### Exercise aim
Write out each line of the records that has "SFSimCC" in it.

### Data provided

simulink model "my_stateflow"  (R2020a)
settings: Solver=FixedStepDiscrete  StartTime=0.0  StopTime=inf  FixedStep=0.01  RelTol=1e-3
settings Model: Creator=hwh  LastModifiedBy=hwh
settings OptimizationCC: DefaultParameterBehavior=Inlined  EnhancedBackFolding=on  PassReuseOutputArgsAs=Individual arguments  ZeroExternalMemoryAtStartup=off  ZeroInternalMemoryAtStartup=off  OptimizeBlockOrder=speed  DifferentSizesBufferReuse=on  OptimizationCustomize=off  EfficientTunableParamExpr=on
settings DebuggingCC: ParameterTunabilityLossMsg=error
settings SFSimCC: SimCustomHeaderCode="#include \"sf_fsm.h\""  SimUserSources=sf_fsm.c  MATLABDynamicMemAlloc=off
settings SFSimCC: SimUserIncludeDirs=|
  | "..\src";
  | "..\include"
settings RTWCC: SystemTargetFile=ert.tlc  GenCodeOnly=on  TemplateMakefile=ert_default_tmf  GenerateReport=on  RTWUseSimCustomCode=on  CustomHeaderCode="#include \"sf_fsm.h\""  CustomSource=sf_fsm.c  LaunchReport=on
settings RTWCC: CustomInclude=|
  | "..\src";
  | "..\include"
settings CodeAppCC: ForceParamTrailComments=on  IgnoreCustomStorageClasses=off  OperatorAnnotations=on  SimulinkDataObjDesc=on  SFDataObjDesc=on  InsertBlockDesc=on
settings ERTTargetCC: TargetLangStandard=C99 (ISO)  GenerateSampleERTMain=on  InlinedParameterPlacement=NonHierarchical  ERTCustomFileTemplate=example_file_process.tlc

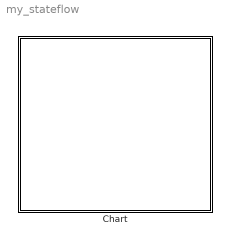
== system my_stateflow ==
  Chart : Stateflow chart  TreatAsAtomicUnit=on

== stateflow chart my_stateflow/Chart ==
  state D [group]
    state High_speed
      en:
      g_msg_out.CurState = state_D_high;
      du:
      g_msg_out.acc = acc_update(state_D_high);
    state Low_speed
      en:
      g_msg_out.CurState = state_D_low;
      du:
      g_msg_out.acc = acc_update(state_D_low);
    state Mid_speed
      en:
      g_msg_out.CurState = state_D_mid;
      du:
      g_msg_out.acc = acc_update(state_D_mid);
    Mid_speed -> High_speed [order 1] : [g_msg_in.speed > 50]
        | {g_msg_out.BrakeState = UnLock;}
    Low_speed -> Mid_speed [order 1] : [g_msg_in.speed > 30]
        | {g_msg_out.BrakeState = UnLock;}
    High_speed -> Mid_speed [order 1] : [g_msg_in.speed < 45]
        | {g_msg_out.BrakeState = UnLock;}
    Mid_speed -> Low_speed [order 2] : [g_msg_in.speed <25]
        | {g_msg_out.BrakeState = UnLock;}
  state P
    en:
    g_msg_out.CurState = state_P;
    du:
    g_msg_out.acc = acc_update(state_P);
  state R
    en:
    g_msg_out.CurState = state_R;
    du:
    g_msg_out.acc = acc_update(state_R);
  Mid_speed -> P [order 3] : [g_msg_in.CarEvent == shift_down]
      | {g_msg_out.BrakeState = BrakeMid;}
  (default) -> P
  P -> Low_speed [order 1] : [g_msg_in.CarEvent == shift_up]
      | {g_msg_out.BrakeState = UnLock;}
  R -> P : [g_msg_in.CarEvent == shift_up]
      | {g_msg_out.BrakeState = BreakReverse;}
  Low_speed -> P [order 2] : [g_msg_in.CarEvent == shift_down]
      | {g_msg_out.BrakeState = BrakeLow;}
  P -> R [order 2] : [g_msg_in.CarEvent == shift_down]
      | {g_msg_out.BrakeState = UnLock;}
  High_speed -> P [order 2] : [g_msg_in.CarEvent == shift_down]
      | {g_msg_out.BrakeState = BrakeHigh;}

### Response box
settings SFSimCC: SimCustomHeaderCode="#include \"sf_fsm.h\""  SimUserSources=sf_fsm.c  MATLABDynamicMemAlloc=off
settings SFSimCC: SimUserIncludeDirs=|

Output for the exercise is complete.